START EXCERPTED RECORDS

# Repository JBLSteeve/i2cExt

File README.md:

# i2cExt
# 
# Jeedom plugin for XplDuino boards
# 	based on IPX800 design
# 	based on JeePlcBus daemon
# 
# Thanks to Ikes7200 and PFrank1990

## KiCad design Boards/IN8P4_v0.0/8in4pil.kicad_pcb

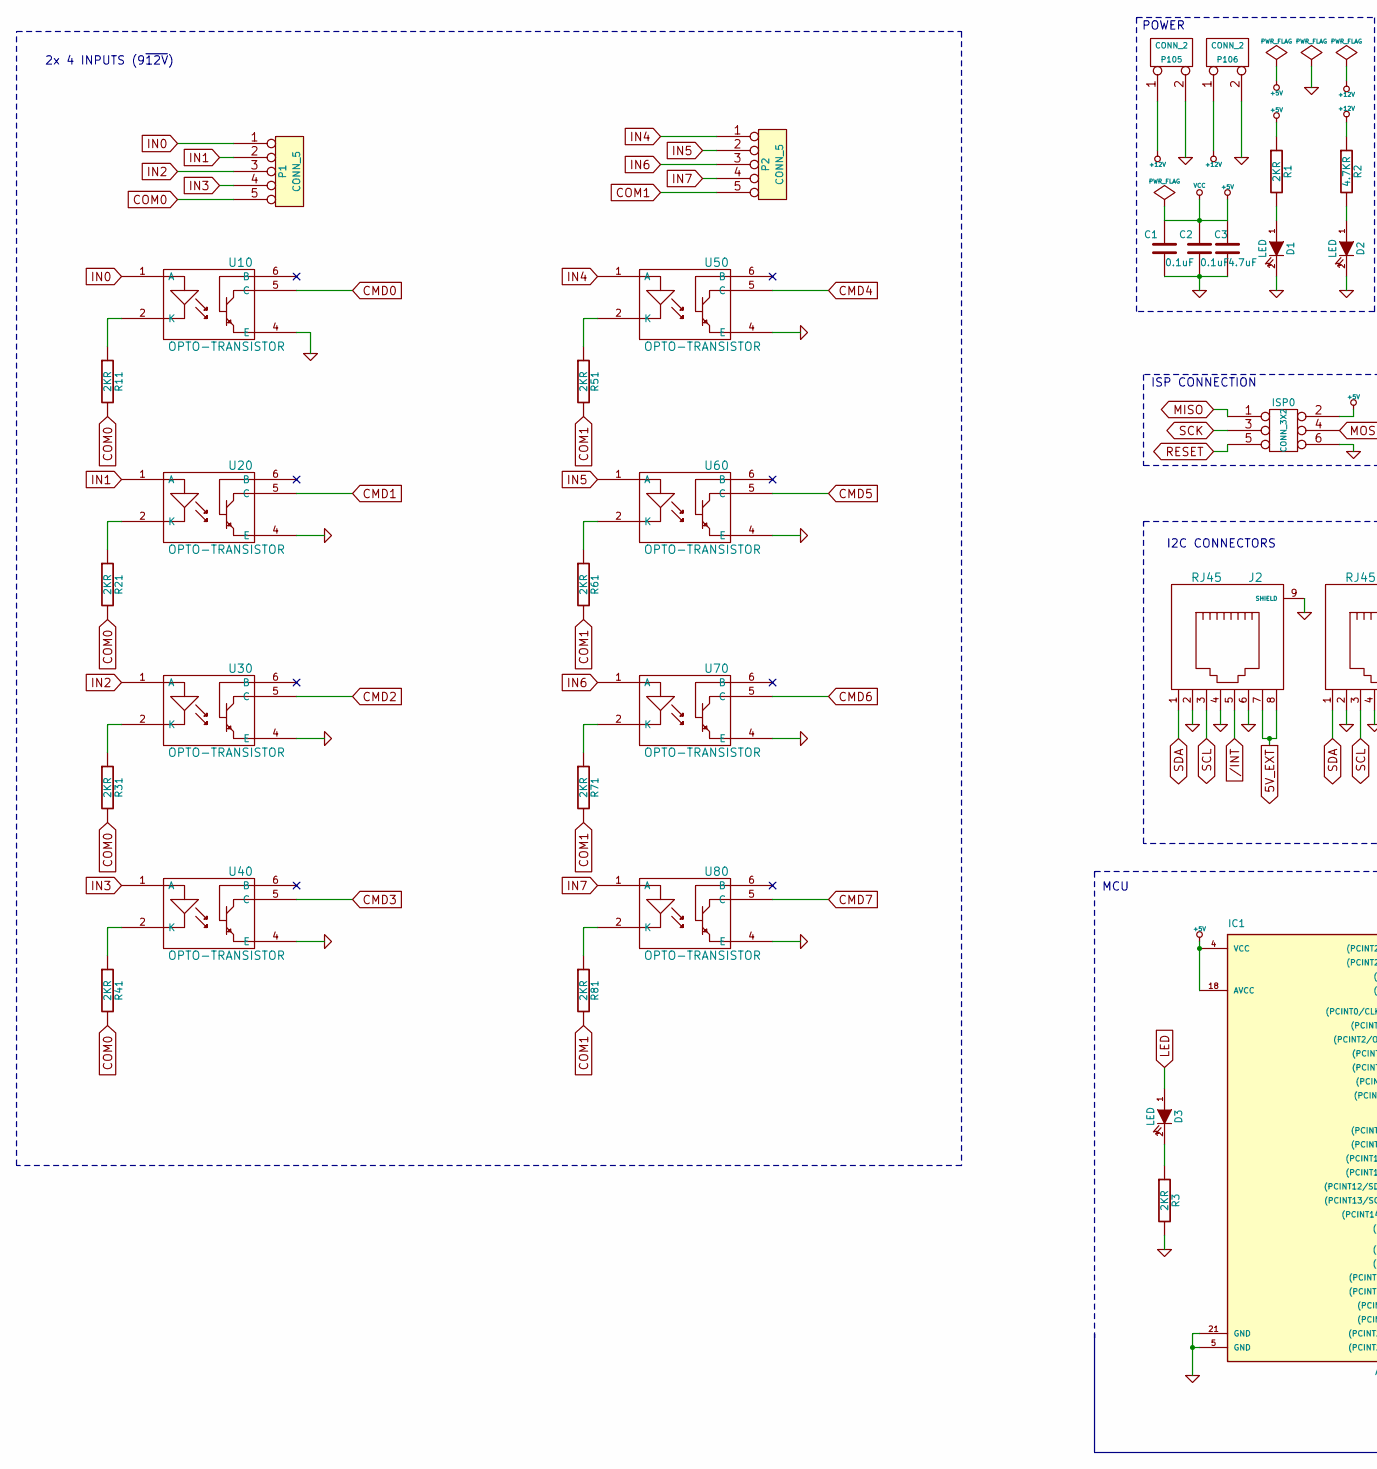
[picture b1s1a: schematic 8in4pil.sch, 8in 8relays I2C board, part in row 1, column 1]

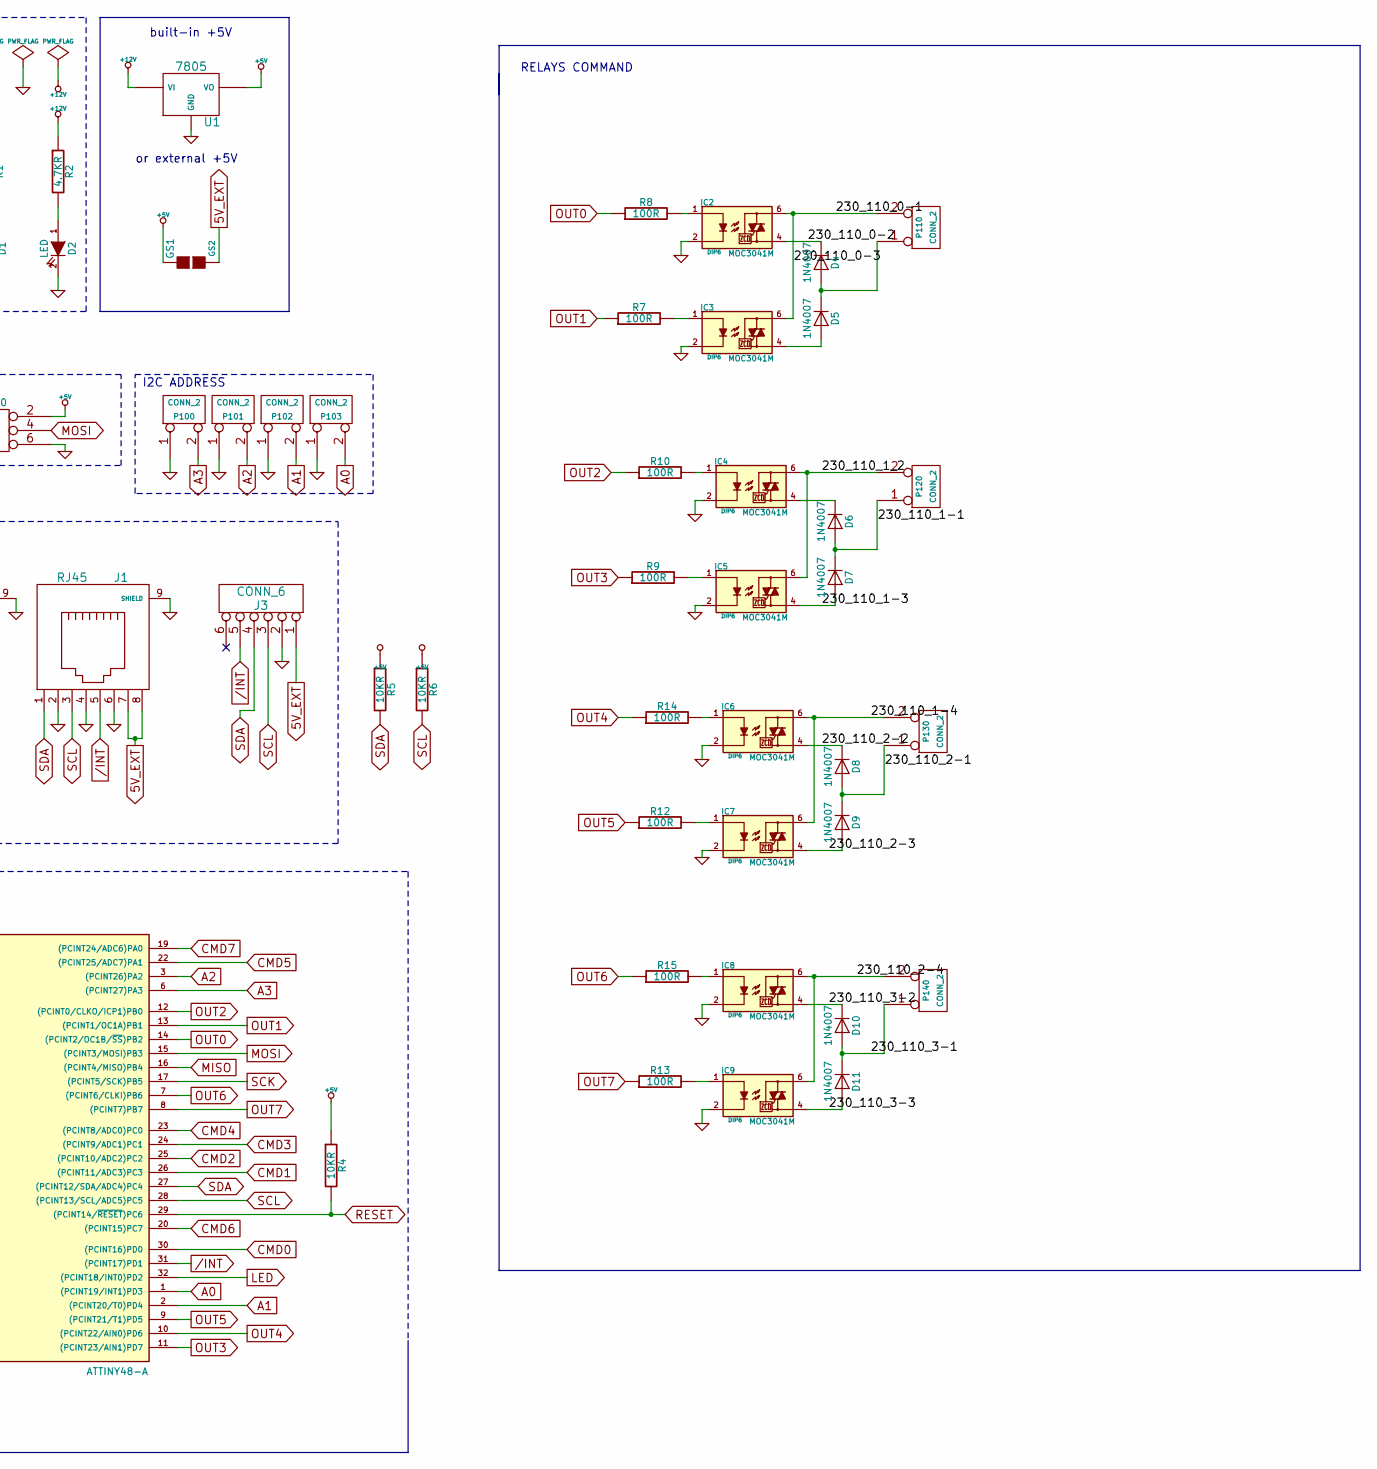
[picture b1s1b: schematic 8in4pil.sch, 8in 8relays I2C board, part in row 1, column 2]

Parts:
C1, C2: 0.1uF
C3: 4.7uF
D1, D2, D3: LED
D4, D5, D6, D7, D8, D9, D10, D11: 1N4007; D_DO-41_SOD81_P10.16mm_Horizontal
GS1: GS2
IC1: ATTINY48-A; TQFP32
IC2, IC3, IC4, IC5, IC6, IC7, IC8, IC9: MOC3041M; DIP6
ISP0: CONN_3X2
J1, J2: RJ45
J3: CONN_6
P1, P2: CONN_5
P100, P101, P102, P103, P105, P106, P110, P120, P130, P140: CONN_2
R1, R3, R11, R21, R31, R41, R51, R61, R71, R81: 2KR
R2: 4.7KR
R4, R5, R6: 10KR
R7, R8, R9, R10, R12, R13, R14, R15: 100R
U1: 7805
U10, U20, U30, U40, U50, U60, U70, U80: OPTO-TRANSISTOR

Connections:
5V_EXT: GS1.2 (G2), J1.7, J1.8, J2.7, J2.8, J3.1
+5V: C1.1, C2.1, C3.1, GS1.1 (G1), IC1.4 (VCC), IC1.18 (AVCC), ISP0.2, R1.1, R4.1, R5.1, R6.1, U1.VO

END EXCERPTED RECORDS

**WORK TASK**
Repeat the material above verbatim. Leave the pictures behind.

**RESULT OF THIS EXERCISE**
# Repository JBLSteeve/i2cExt

File README.md:

# i2cExt
# 
# Jeedom plugin for XplDuino boards
# 	based on IPX800 design
# 	based on JeePlcBus daemon
# 
# Thanks to Ikes7200 and PFrank1990

## KiCad design Boards/IN8P4_v0.0/8in4pil.kicad_pcb

[picture b1s1a: schematic 8in4pil.sch, 8in 8relays I2C board, part in row 1, column 1]

[picture b1s1b: schematic 8in4pil.sch, 8in 8relays I2C board, part in row 1, column 2]

Parts:
C1, C2: 0.1uF
C3: 4.7uF
D1, D2, D3: LED
D4, D5, D6, D7, D8, D9, D10, D11: 1N4007; D_DO-41_SOD81_P10.16mm_Horizontal
GS1: GS2
IC1: ATTINY48-A; TQFP32
IC2, IC3, IC4, IC5, IC6, IC7, IC8, IC9: MOC3041M; DIP6
ISP0: CONN_3X2
J1, J2: RJ45
J3: CONN_6
P1, P2: CONN_5
P100, P101, P102, P103, P105, P106, P110, P120, P130, P140: CONN_2
R1, R3, R11, R21, R31, R41, R51, R61, R71, R81: 2KR
R2: 4.7KR
R4, R5, R6: 10KR
R7, R8, R9, R10, R12, R13, R14, R15: 100R
U1: 7805
U10, U20, U30, U40, U50, U60, U70, U80: OPTO-TRANSISTOR

Connections:
5V_EXT: GS1.2 (G2), J1.7, J1.8, J2.7, J2.8, J3.1
+5V: C1.1, C2.1, C3.1, GS1.1 (G1), IC1.4 (VCC), IC1.18 (AVCC), ISP0.2, R1.1, R4.1, R5.1, R6.1, U1.VO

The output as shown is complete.